Content starts
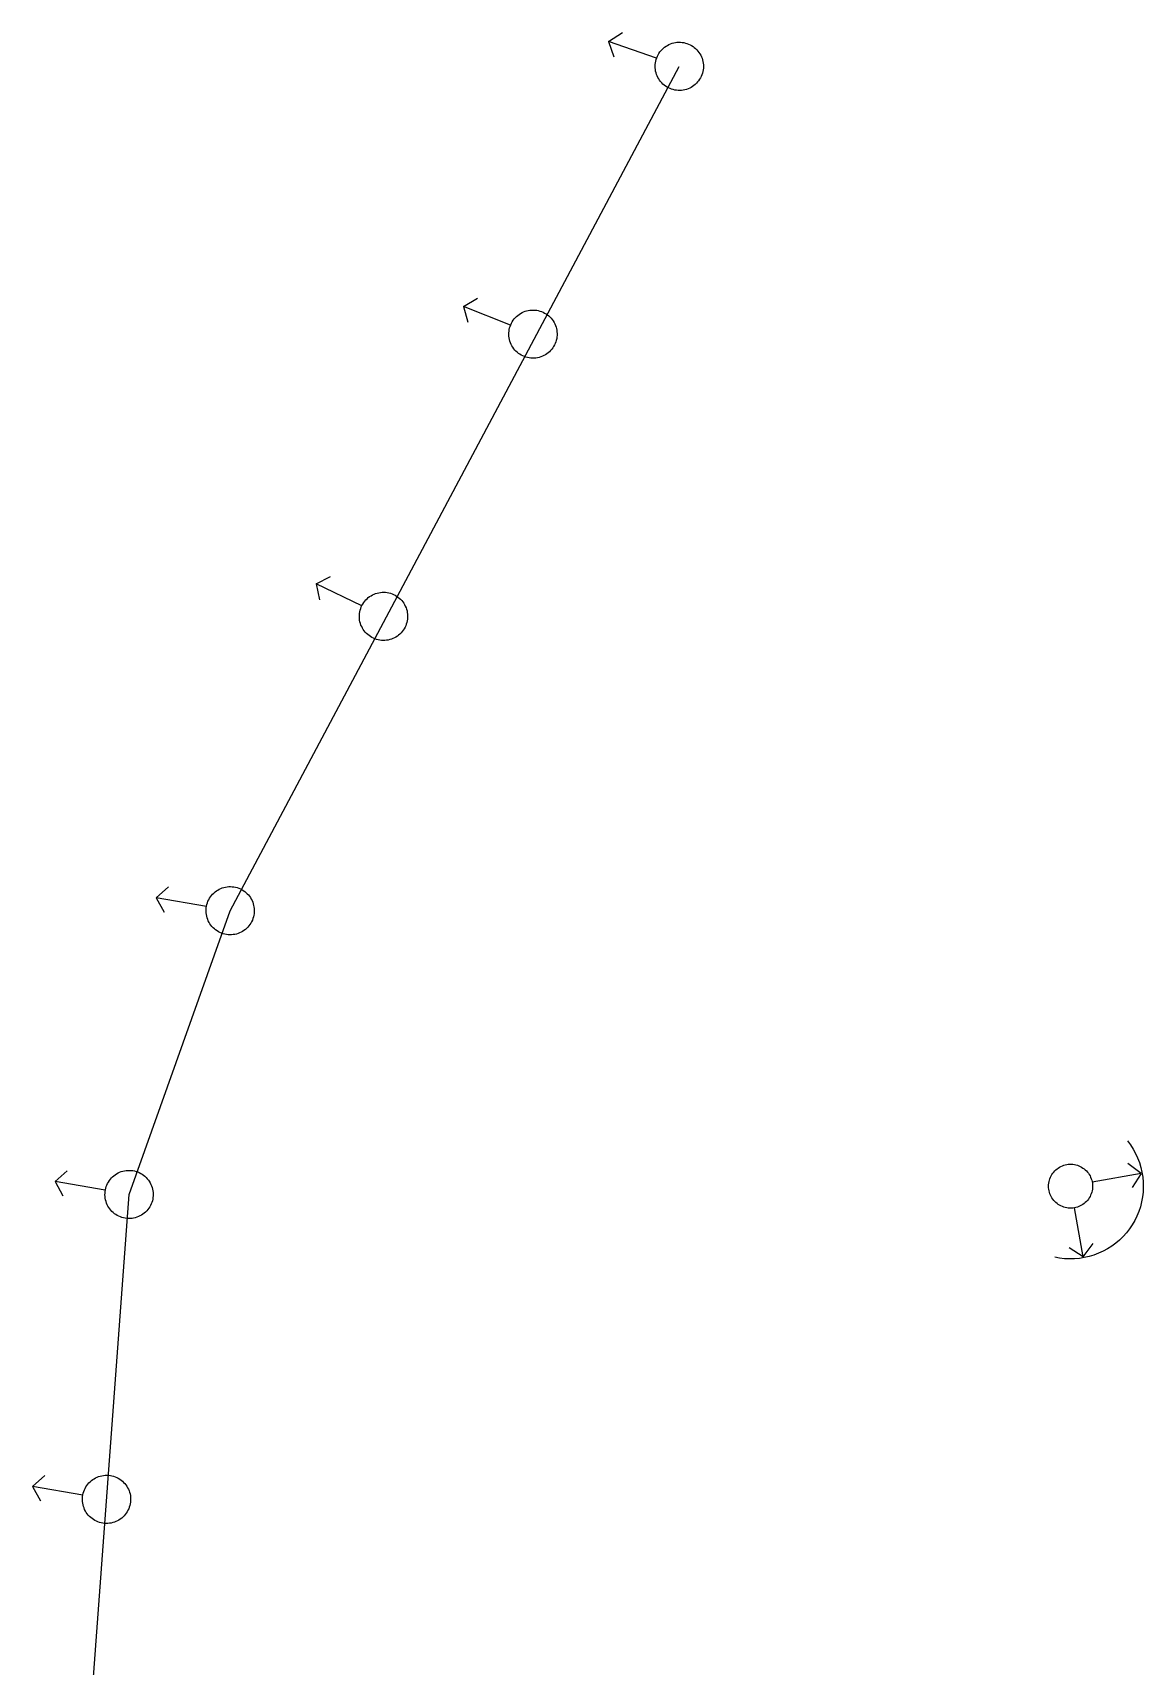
# Model space of a CAD drawing. Header units: inches. Extents: x 21905 to 29562, y 37649 to 43473.
# Drawn here: x 24341.4 to 24484.9, y 40447.8 to 40659.1 of the extents above; entities that cross this region are included whole.
import ezdxf

# ---------------------------------------------------------------- set-up
doc = ezdxf.new("R2010")
doc.units = ezdxf.units.IN
doc.header["$MEASUREMENT"] = 0

msp = doc.modelspace()

# ---------------------------------------------------------------- linework, layer by layer
for points in [[(24415.78, 40657.93), (24417.56, 40659.06)], [(24415.78, 40657.93), (24417.56, 40659.06)], [(24421.98, 40655.75), (24415.78, 40657.93)], [(24415.78, 40657.93), (24416.46, 40655.93)], [(24421.98, 40655.75), (24415.78, 40657.93)], [(24415.78, 40657.93), (24416.46, 40655.93)], [(24422.65, 40652.56), (24422.51, 40652.73), (24422.38, 40652.9), (24422.26, 40653.08), (24422.15, 40653.27), (24422.06, 40653.47), (24421.98, 40653.67), (24421.91, 40653.88), (24421.86, 40654.09), (24421.83, 40654.3), (24421.81, 40654.52), (24421.8, 40654.74), (24421.81, 40654.95), (24421.84, 40655.17), (24421.88, 40655.38), (24421.93, 40655.59), (24422, 40655.8), (24422.08, 40656), (24422.18, 40656.2), (24422.29, 40656.38), (24422.42, 40656.56), (24422.55, 40656.73), (24422.7, 40656.89), (24422.86, 40657.04), (24423.02, 40657.18), (24423.2, 40657.31), (24423.39, 40657.42), (24423.58, 40657.52), (24423.78, 40657.61), (24423.99, 40657.68), (24424.2, 40657.74), (24424.41, 40657.78), (24424.62, 40657.81), (24424.84, 40657.82), (24425.06, 40657.82), (24425.28, 40657.8), (24425.49, 40657.77), (24425.7, 40657.72), (24425.91, 40657.66), (24426.12, 40657.58), (24426.31, 40657.49), (24426.5, 40657.39), (24426.69, 40657.27), (24426.86, 40657.14), (24427.03, 40657), (24427.18, 40656.85), (24427.33, 40656.68), (24427.46, 40656.51), (24427.58, 40656.33), (24427.69, 40656.14), (24427.78, 40655.94), (24427.86, 40655.74), (24427.92, 40655.53), (24427.97, 40655.32), (24428.01, 40655.11), (24428.03, 40654.89), (24428.03, 40654.67), (24428.03, 40654.46), (24428, 40654.24), (24427.96, 40654.03), (24427.91, 40653.82), (24427.84, 40653.61), (24427.75, 40653.41), (24427.66, 40653.21), (24427.54, 40653.03), (24427.42, 40652.85), (24427.29, 40652.68), (24427.14, 40652.52), (24426.98, 40652.37), (24426.81, 40652.23), (24426.63, 40652.1), (24426.45, 40651.99), (24426.26, 40651.89), (24426.06, 40651.8), (24425.85, 40651.73), (24425.64, 40651.67), (24425.43, 40651.63), (24425.21, 40651.6), (24425, 40651.59), (24424.78, 40651.59), (24424.56, 40651.61), (24424.35, 40651.64), (24424.13, 40651.69), (24423.93, 40651.75), (24423.72, 40651.83), (24423.52, 40651.92), (24423.33, 40652.02), (24423.15, 40652.14), (24422.97, 40652.27), (24422.81, 40652.41), (24422.65, 40652.56)], [(24422.65, 40652.56), (24422.51, 40652.73), (24422.38, 40652.9), (24422.26, 40653.08), (24422.15, 40653.27), (24422.06, 40653.47), (24421.98, 40653.67), (24421.91, 40653.88), (24421.86, 40654.09), (24421.83, 40654.3), (24421.81, 40654.52), (24421.8, 40654.74), (24421.81, 40654.95), (24421.84, 40655.17), (24421.88, 40655.38), (24421.93, 40655.59), (24422, 40655.8), (24422.08, 40656), (24422.18, 40656.2), (24422.29, 40656.38), (24422.42, 40656.56), (24422.55, 40656.73), (24422.7, 40656.89), (24422.86, 40657.04), (24423.02, 40657.18), (24423.2, 40657.31), (24423.39, 40657.42), (24423.58, 40657.52), (24423.78, 40657.61), (24423.99, 40657.68), (24424.2, 40657.74), (24424.41, 40657.78), (24424.62, 40657.81), (24424.84, 40657.82), (24425.06, 40657.82), (24425.28, 40657.8), (24425.49, 40657.77), (24425.7, 40657.72), (24425.91, 40657.66), (24426.12, 40657.58), (24426.31, 40657.49), (24426.5, 40657.39), (24426.69, 40657.27), (24426.86, 40657.14), (24427.03, 40657), (24427.18, 40656.85), (24427.33, 40656.68), (24427.46, 40656.51), (24427.58, 40656.33), (24427.69, 40656.14), (24427.78, 40655.94), (24427.86, 40655.74), (24427.92, 40655.53), (24427.97, 40655.32), (24428.01, 40655.11), (24428.03, 40654.89), (24428.03, 40654.67), (24428.03, 40654.46), (24428, 40654.24), (24427.96, 40654.03), (24427.91, 40653.82), (24427.84, 40653.61), (24427.75, 40653.41), (24427.66, 40653.21), (24427.54, 40653.03), (24427.42, 40652.85), (24427.29, 40652.68), (24427.14, 40652.52), (24426.98, 40652.37), (24426.81, 40652.23), (24426.63, 40652.1), (24426.45, 40651.99), (24426.26, 40651.89), (24426.06, 40651.8), (24425.85, 40651.73), (24425.64, 40651.67), (24425.43, 40651.63), (24425.21, 40651.6), (24425, 40651.59), (24424.78, 40651.59), (24424.56, 40651.61), (24424.35, 40651.64), (24424.13, 40651.69), (24423.93, 40651.75), (24423.72, 40651.83), (24423.52, 40651.92), (24423.33, 40652.02), (24423.15, 40652.14), (24422.97, 40652.27), (24422.81, 40652.41), (24422.65, 40652.56)], [(24342.7, 40358.43), (24353.81, 40508.85), (24366.88, 40545.54), (24424.92, 40654.7)], [(24342.7, 40358.43), (24353.81, 40508.85), (24366.88, 40545.54), (24424.92, 40654.7)], [(24397.01, 40623.67), (24398.83, 40624.73)], [(24397.01, 40623.67), (24398.83, 40624.73)], [(24403.11, 40621.24), (24397.01, 40623.67)], [(24397.01, 40623.67), (24397.61, 40621.65)], [(24403.11, 40621.24), (24397.01, 40623.67)], [(24397.01, 40623.67), (24397.61, 40621.65)], [(24403.66, 40618.03), (24403.52, 40618.2), (24403.4, 40618.38), (24403.28, 40618.57), (24403.19, 40618.76), (24403.1, 40618.96), (24403.03, 40619.17), (24402.97, 40619.38), (24402.93, 40619.59), (24402.9, 40619.81), (24402.89, 40620.02), (24402.89, 40620.24), (24402.91, 40620.46), (24402.95, 40620.67), (24402.99, 40620.88), (24403.06, 40621.09), (24403.14, 40621.3), (24403.23, 40621.49), (24403.33, 40621.68), (24403.45, 40621.87), (24403.58, 40622.04), (24403.72, 40622.2), (24403.88, 40622.36), (24404.04, 40622.5), (24404.21, 40622.63), (24404.4, 40622.75), (24404.59, 40622.86), (24404.78, 40622.95), (24404.99, 40623.03), (24405.19, 40623.09), (24405.4, 40623.14), (24405.62, 40623.18), (24405.84, 40623.2), (24406.05, 40623.2), (24406.27, 40623.19), (24406.49, 40623.16), (24406.7, 40623.12), (24406.91, 40623.07), (24407.12, 40623), (24407.32, 40622.91), (24407.51, 40622.81), (24407.7, 40622.7), (24407.88, 40622.58), (24408.05, 40622.44), (24408.21, 40622.29), (24408.35, 40622.13), (24408.49, 40621.97), (24408.62, 40621.79), (24408.73, 40621.6), (24408.83, 40621.41), (24408.91, 40621.21), (24408.99, 40621), (24409.04, 40620.79), (24409.08, 40620.58), (24409.11, 40620.36), (24409.12, 40620.15), (24409.12, 40619.93), (24409.1, 40619.71), (24409.07, 40619.5), (24409.02, 40619.28), (24408.96, 40619.08), (24408.88, 40618.87), (24408.79, 40618.68), (24408.68, 40618.49), (24408.56, 40618.3), (24408.43, 40618.13), (24408.29, 40617.96), (24408.14, 40617.81), (24407.97, 40617.67), (24407.8, 40617.54), (24407.62, 40617.42), (24407.43, 40617.31), (24407.23, 40617.22), (24407.03, 40617.14), (24406.82, 40617.08), (24406.61, 40617.03), (24406.39, 40616.99), (24406.18, 40616.97), (24405.96, 40616.97), (24405.74, 40616.98), (24405.53, 40617), (24405.31, 40617.05), (24405.1, 40617.1), (24404.9, 40617.17), (24404.7, 40617.26), (24404.5, 40617.35), (24404.32, 40617.47), (24404.14, 40617.59), (24403.97, 40617.73), (24403.81, 40617.88), (24403.66, 40618.03)], [(24403.66, 40618.03), (24403.52, 40618.2), (24403.4, 40618.38), (24403.28, 40618.57), (24403.19, 40618.76), (24403.1, 40618.96), (24403.03, 40619.17), (24402.97, 40619.38), (24402.93, 40619.59), (24402.9, 40619.81), (24402.89, 40620.02), (24402.89, 40620.24), (24402.91, 40620.46), (24402.95, 40620.67), (24402.99, 40620.88), (24403.06, 40621.09), (24403.14, 40621.3), (24403.23, 40621.49), (24403.33, 40621.68), (24403.45, 40621.87), (24403.58, 40622.04), (24403.72, 40622.2), (24403.88, 40622.36), (24404.04, 40622.5), (24404.21, 40622.63), (24404.4, 40622.75), (24404.59, 40622.86), (24404.78, 40622.95), (24404.99, 40623.03), (24405.19, 40623.09), (24405.4, 40623.14), (24405.62, 40623.18), (24405.84, 40623.2), (24406.05, 40623.2), (24406.27, 40623.19), (24406.49, 40623.16), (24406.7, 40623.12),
Content ends
GOAL OF THE EXERCISE: Above are the records; from them, give again exactly the lines from the one containing "import ezdxf" to the one containing "layer by layer", both lines included, and nothing more.

YOUR SOLUTION:
import ezdxf

# ---------------------------------------------------------------- set-up
doc = ezdxf.new("R2010")
doc.units = ezdxf.units.IN
doc.header["$MEASUREMENT"] = 0

msp = doc.modelspace()

# ---------------------------------------------------------------- linework, layer by layer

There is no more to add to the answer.